## EXERCISE BRIEF
Print the range of lines that opens with the line containing "- Mate:15: squareHoleRail20Umirror:2" and closes with the last line of the listing. Include both ends; print nothing more.

## STUDY MATERIAL
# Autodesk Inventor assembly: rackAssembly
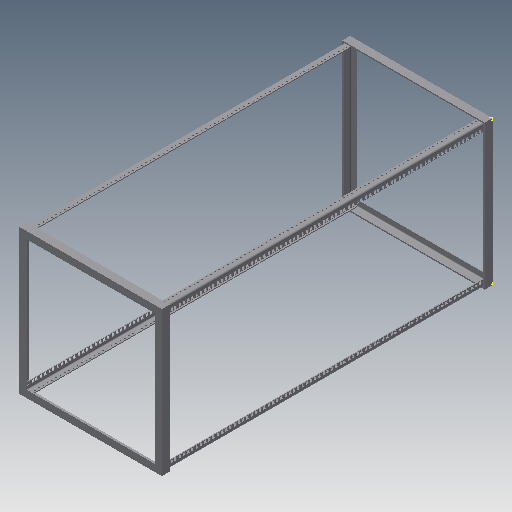
[picture p0: Inventor's stored thumbnail of the model, 512x512]
Saved by Autodesk Inventor 2017 (Build 210142000, 142)
## iProperties
Created: 2016-08-03
Part Number: rackAssembly
Document SubType Name: Assembly
Designer: Zuhra Abdurashidova
Author: Zuhra Abdurashidova
## Documents named in this file (4)
- C:\Users\krosie\Google Drive\HERA\hera-cad\Node\rackAssembly.iam
- C:\Users\krosie\Google Drive\HERA\hera-cad\Node\squareHoleRail20U.ipt
- C:\Users\krosie\Google Drive\HERA\hera-cad\Node\squareHoleRail20Umirror.ipt
- C:\Users\krosie\Google Drive\HERA\hera-cad\Node\rackBase.ipt
## Components (6 placed, 3 different names)
1. squareHoleRail20U:2 — Mate:1, Mate:2, Mate:3, Mate:13, Mate:16
2. squareHoleRail20Umirror:1 — Mate:4, Mate:5, Mate:6
3. squareHoleRail20Umirror:2 — Mate:10, Mate:11, Mate:12, Mate:14, Mate:15
4. rackBase:1 — Mate:1, Mate:2, Mate:3, Mate:4, Mate:5, Mate:6, Mate:7, Mate:8, Mate:9, Mate:10, Mate:11, Mate:12
5. rackBase:2 — Mate:13, Mate:14, Mate:15, Mate:16
6. squareHoleRail20U:3 — Mate:7, Mate:8, Mate:9
## Relationships (16: Mate 16)
- Mate:1: squareHoleRail20U:2 ↔ rackBase:1
- Mate:2: squareHoleRail20U:2 ↔ rackBase:1
- Mate:3: squareHoleRail20U:2 ↔ rackBase:1
- Mate:4: squareHoleRail20Umirror:1 ↔ rackBase:1
- Mate:5: squareHoleRail20Umirror:1 ↔ rackBase:1
- Mate:6: squareHoleRail20Umirror:1 ↔ rackBase:1
- Mate:7: rackBase:1 ↔ squareHoleRail20U:3
- Mate:8: rackBase:1 ↔ squareHoleRail20U:3
- Mate:9: rackBase:1 ↔ squareHoleRail20U:3
- Mate:10: squareHoleRail20Umirror:2 ↔ rackBase:1
- Mate:11: squareHoleRail20Umirror:2 ↔ rackBase:1
- Mate:12: squareHoleRail20Umirror:2 ↔ rackBase:1
- Mate:13: squareHoleRail20U:2 ↔ rackBase:2
- Mate:14: squareHoleRail20Umirror:2 ↔ rackBase:2
- Mate:15: squareHoleRail20Umirror:2 ↔ rackBase:2
- Mate:16: squareHoleRail20U:2 ↔ rackBase:2

## RESULT OF THIS EXERCISE
- Mate:15: squareHoleRail20Umirror:2 ↔ rackBase:2
- Mate:16: squareHoleRail20U:2 ↔ rackBase:2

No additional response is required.